Previously, it was generally accepted that it was not possible to utilize pins and/or fins with such a small cross-sectional surface, because the pins and/or fins had to have a length of at least 25 mm. This requirement arises from a need for the flue gas draft to have a particular width for discharging sufficient flue gas and because this width is to be completely filled with the heat exchanging surface enlarging pins and/or fins. Pins with such a length need a large cross-sectional surface in view of casting technique requirements. The known pins, for instance, have a length of 25 mm and a diameter of 8 mm. When, with this length, a smaller diameter is chosen, the liquid aluminum solidifies during the casting process before the pin-forming cavity is completely filled. In casting practice, this phenomenon is known as cold flow.
It is noted that from U.S. Pat. No. 5,829,514, a so-called heat sink is known, which is provided with pins with a diameter leading to a cross-sectional surface in a range of the presently disclosed heat exchange element. The known pins have a diameter of 2 mm and, hence, a cross-sectional surface of 3.1 mm2. A heat sink is a device utilized in electronic equipment, such as computers, for cooling electronic components accommodated therein. The heat sink shown in U.S. Pat. No. 5,829,514 comprises a first base plate and a number of pins extending away from this base plate, and a second base plate and a number of pins extending away from this second base plate. After having been manufactured separately in a casting process, the two plates are interconnected. The known heat sink is therefore not a monocasting. Based upon the diameters of the pins mentioned in the text, and the drawings, which are enlarged by a factor of three, the dimensions of the base plates are approximately 3.3*2.5 cm. The separate base plates with pins are releasing, and can therefore be manufactured through die-casting.
With die-casting, the mold is of metal and can be heated, so that the so-called cold flow occurs much less rapidly. Furthermore, the base plate is relatively thick so that virtually no cooling of casting material occurs. Optionally, with such a process, the liquid metal can be supplied under excess pressure. This is contrary to a heat exchange element for a central heating boiler. Firstly, the heat exchanger designed as monocasting is non-releasing. As a result, a mold and cores manufactured from sand, and which are lost after the casting process, have to be utilized. This excludes the possibility of casting under excess pressure. Furthermore, heating a sand cast mold is not possible.
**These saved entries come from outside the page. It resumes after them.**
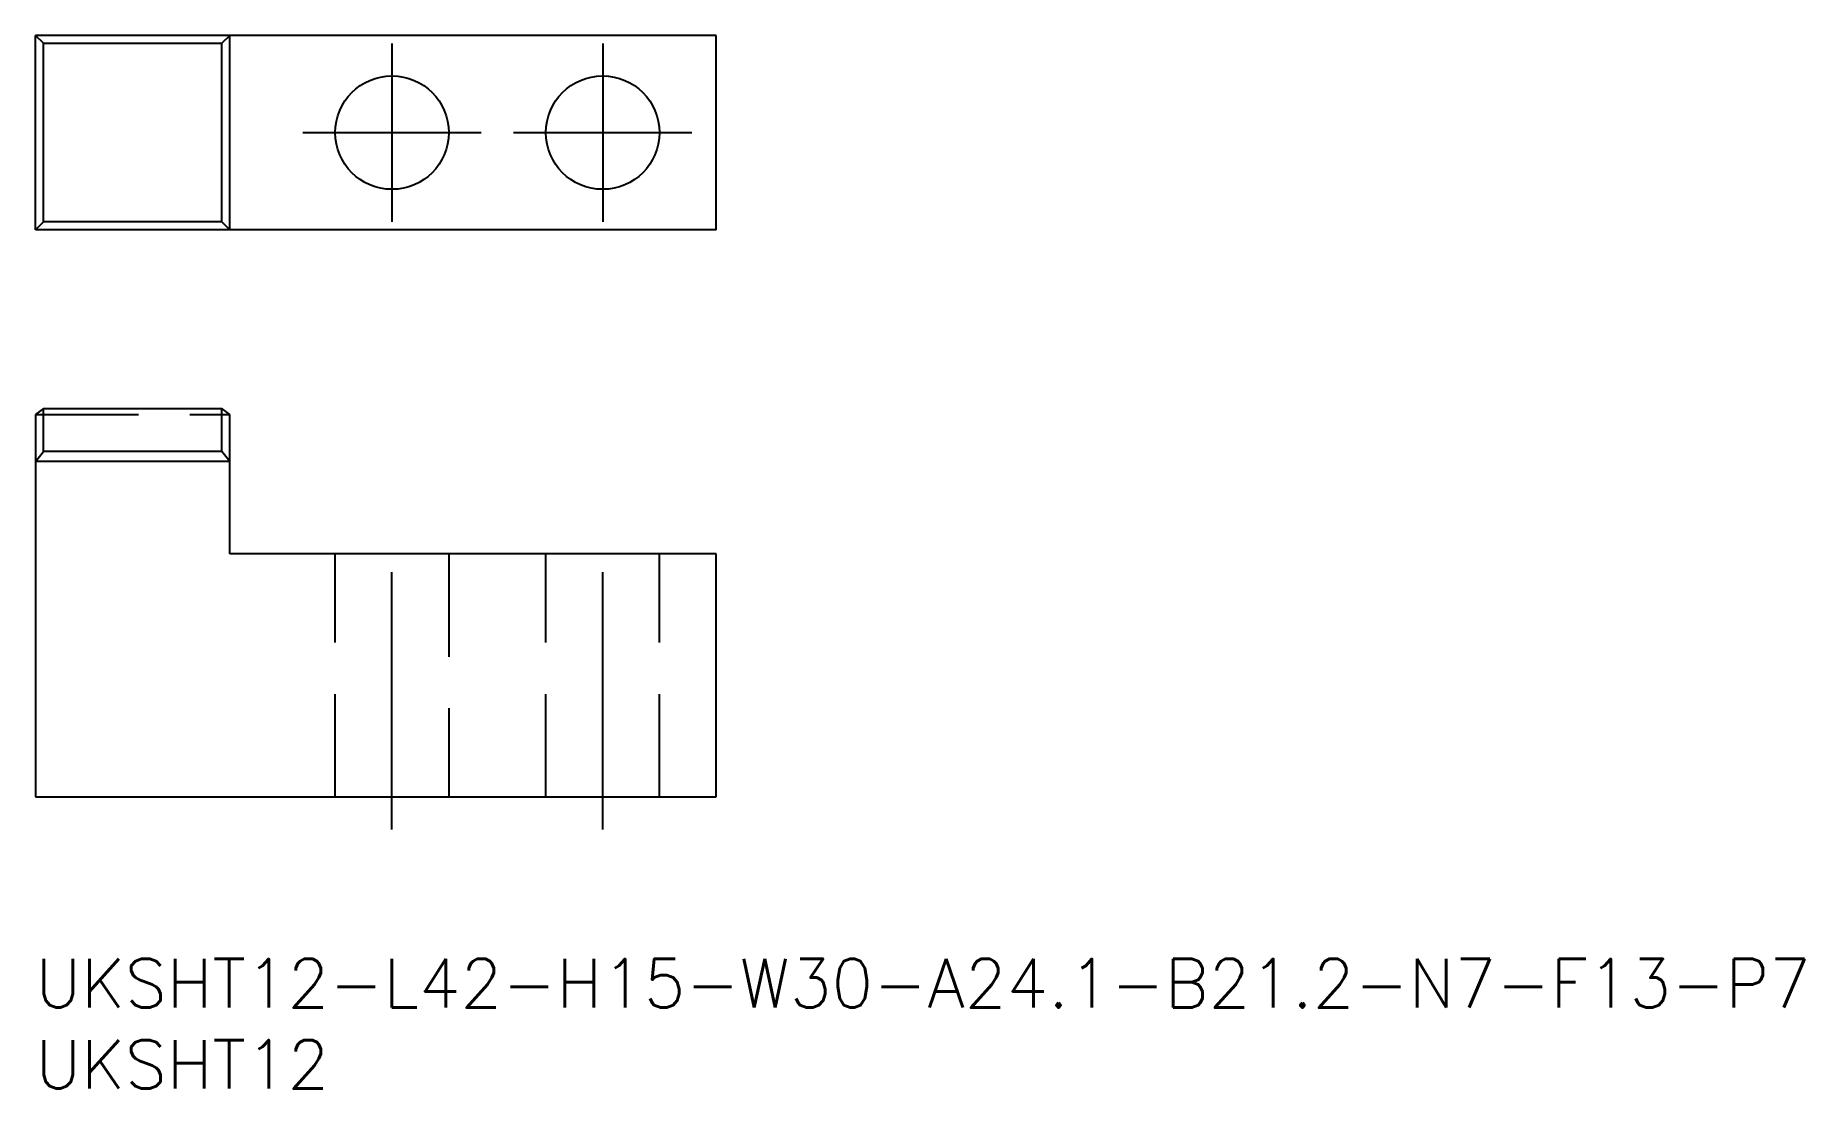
# Model space of a CAD drawing. Extents: x 0 to 109, y -8 to 57.
import ezdxf

# ---------------------------------------------------------------- set-up
doc = ezdxf.new("R2010")
doc.units = 0
doc.header["$LTSCALE"] = 0.5
doc.linetypes.add('CENTER', pattern=[50.8, 31.75, -6.35, 6.35, -6.35])
doc.linetypes.add('DASHED', pattern=[19.05, 12.7, -6.35])
doc.layers.get('0').update_dxf_attribs({"linetype": 'CONTINUOUS'})
for name, color, linetype in [('MSM_CENTER', 1, 'CENTER'), ('MSM_CONTINUOUS', 7, 'CONTINUOUS'), ('MSM_DASHED', 4, 'DASHED'), ('MSM_PART_NUMBER', 7, 'CONTINUOUS')]:
    doc.layers.add(name, color=color, linetype=linetype)
doc.styles.get("Standard").update_dxf_attribs({"font": 'txt.shx', "height": 3, "bigfont": 'bigfont.shx'})

# ---------------------------------------------------------------- blocks, each defined once
blk = doc.blocks.new('*U1')
at = {"layer": 'MSM_PART_NUMBER'}
blk.add_text('UKSHT12-L42-H15-W30-A24.1-B21.2-N7-F13-P7', height=3, dxfattribs=at).set_placement((0, -3))
blk = doc.blocks.new('*U2')
at = {"layer": 'MSM_PART_NUMBER'}
blk.add_text('UKSHT12', height=3, dxfattribs=at).set_placement((0, -8))

msp = doc.modelspace()

# ---------------------------------------------------------------- linework, layer by layer
at = {"layer": 'MSM_CENTER'}
for p, q in [((22, 56.5), (22, 45.5)), ((35, 56.5), (35, 45.5)), ((16.5, 51), (27.5, 51)), ((29.5, 51), (40.5, 51)), ((22, 8), (22, 27)), ((35, 8), (35, 27))]:
    msp.add_line(p, q, dxfattribs=at)
at = {"layer": 'MSM_CONTINUOUS'}
for p, q in [((42, 57), (0, 57)), ((0, 45), (0, 57)), ((0.5, 56.51), (0.01, 57)), ((11.99, 57), (11.5, 56.51)), ((12, 45), (12, 57)), ((42, 45), (42, 57)), ((0.5, 56.51), (11.5, 56.51)), ((0.5, 45.49), (0.5, 56.51)), ((11.5, 45.49), (11.5, 56.51)), ((42, 45), (0, 45)), ((0.01, 45), (0.5, 45.49)), ((11.5, 45.49), (0.5, 45.49)), ((11.99, 45), (11.5, 45.49)), ((0.5, 33.98), (0.01, 33.6)), ((0.5, 33.98), (11.5, 33.98)), ((0.5, 31.32), (0.5, 33.98)), ((11.99, 33.6), (11.5, 33.98)), ((11.5, 31.32), (11.5, 33.98)), ((0.01, 33.6), (0, 33.59)), ((0, 33.59), (0, 10)), ((12, 33.59), (11.99, 33.6)), ((12, 25), (12, 33.59)), ((0.01, 30.7), (0, 30.69)), ((0.01, 30.7), (0.5, 31.32)), ((11.99, 30.7), (0.01, 30.7)), ((11.5, 31.32), (0.5, 31.32)), ((11.99, 30.7), (11.5, 31.32)), ((12, 30.69), (11.99, 30.7)), ((42, 25), (12, 25)), ((42, 10), (42, 25)), ((0, 10), (42, 10))]:
    msp.add_line(p, q, dxfattribs=at)
for centre in [(22, 51), (35, 51)]:
    msp.add_circle(centre, 3.5, dxfattribs=at)
at = {"layer": 'MSM_DASHED'}
for p, q in [((0.01, 33.6), (11.99, 33.6)), ((18.5, 10), (18.5, 25)), ((25.5, 25), (25.5, 10)), ((31.5, 10), (31.5, 25)), ((38.5, 10), (38.5, 25))]:
    msp.add_line(p, q, dxfattribs=at)

# ---------------------------------------------------------------- block references
for name in ['*U1', '*U2']:
    msp.add_blockref(name, (0, 0))

doc.saveas('drawing.dxf')

When casting a heat exchange element designed as monocasting, the liquid metal runs from one filling point, through the cavities for forming the thin-walled water channels, and thereafter flows into the cavities for forming the pins. Not only is the distance the liquid metal has to travel from the filling point to the pins much longer, because the walls bounding the water channels are thin the extent of cooling of the liquid metal is considerable—which has an adverse affect on the cold flow of the liquid metal in the pin forming cavities. The dimensions of exemplary embodiments of the present invention are in the range of, for instance, 20-50 cm, which is not comparable to the dimensions of the known heat sink.
Also, the freedom of choice of metal used for casting a central heating heat exchange element more limited than the freedom of choice for a heat sink. The central heating heat exchange element is used in an environment of flue gases and water vapor which leads to the formation of highly corrosive acids. With a heat sink air flow is involved. For a heat sink, high-flowing alloys can be selected that can be cast in a simple manner. Such alloys, due to their corrosion sensitivity, are not suitable for the manufacture of a central heating heat exchange element.
For the above reasons, a person of average skill in the field of central heating heat exchanges element design would not turn to the field of heat sinks for guidance in designing boiler heat exchange elements, and in any event such teachings would not suggest the present invention.